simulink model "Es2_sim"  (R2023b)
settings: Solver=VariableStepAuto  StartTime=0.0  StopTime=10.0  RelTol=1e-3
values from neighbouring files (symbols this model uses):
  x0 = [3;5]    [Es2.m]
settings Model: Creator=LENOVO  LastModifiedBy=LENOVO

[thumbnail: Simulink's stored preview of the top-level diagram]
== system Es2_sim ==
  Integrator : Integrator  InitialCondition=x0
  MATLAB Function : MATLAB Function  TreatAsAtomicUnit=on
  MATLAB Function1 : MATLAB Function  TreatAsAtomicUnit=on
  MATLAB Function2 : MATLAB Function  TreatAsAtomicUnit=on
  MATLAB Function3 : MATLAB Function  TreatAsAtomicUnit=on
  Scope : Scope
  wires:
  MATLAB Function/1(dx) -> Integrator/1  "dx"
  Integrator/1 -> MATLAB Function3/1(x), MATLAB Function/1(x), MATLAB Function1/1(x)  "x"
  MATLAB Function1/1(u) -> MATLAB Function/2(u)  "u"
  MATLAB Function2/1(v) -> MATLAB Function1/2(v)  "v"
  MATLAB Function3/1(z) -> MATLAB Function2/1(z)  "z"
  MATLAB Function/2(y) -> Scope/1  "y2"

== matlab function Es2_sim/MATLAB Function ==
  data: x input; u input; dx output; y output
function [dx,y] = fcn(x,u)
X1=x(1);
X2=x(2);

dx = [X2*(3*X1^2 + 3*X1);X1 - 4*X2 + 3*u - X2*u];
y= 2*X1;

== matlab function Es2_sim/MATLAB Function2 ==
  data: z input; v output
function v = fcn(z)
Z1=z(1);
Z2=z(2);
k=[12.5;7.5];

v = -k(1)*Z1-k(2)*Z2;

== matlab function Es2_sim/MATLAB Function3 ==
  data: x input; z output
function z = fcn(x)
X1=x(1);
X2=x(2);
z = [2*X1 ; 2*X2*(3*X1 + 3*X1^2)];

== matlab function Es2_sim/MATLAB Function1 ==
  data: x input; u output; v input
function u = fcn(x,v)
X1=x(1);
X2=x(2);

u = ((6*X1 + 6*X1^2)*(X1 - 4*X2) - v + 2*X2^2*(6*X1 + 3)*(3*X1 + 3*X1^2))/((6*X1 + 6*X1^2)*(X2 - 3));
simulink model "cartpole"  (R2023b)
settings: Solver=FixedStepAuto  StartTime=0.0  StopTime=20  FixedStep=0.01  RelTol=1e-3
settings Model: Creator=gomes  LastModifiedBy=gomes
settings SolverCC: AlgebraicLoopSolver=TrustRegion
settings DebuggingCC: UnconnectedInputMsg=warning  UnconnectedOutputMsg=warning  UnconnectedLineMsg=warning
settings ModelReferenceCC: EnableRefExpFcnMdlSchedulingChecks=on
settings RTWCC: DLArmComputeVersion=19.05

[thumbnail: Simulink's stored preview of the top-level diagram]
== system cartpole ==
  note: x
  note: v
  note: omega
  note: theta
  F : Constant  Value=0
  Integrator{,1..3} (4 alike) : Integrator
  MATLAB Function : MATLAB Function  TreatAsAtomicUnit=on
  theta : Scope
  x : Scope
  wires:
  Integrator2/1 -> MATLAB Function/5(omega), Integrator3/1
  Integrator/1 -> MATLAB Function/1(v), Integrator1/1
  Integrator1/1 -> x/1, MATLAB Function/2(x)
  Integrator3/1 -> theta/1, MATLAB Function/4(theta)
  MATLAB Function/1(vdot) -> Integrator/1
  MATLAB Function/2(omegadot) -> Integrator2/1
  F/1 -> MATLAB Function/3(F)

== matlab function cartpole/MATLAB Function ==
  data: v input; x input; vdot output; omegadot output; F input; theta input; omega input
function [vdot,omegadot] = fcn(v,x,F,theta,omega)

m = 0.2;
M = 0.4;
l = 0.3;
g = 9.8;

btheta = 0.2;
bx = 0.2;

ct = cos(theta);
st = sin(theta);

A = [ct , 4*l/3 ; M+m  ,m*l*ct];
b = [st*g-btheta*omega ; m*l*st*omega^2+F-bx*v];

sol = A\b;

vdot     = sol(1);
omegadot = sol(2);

..........

_The task_. Every line in the records above with "StartTime" in it adds one to the count; give that count and nothing else.

_Your response_. 2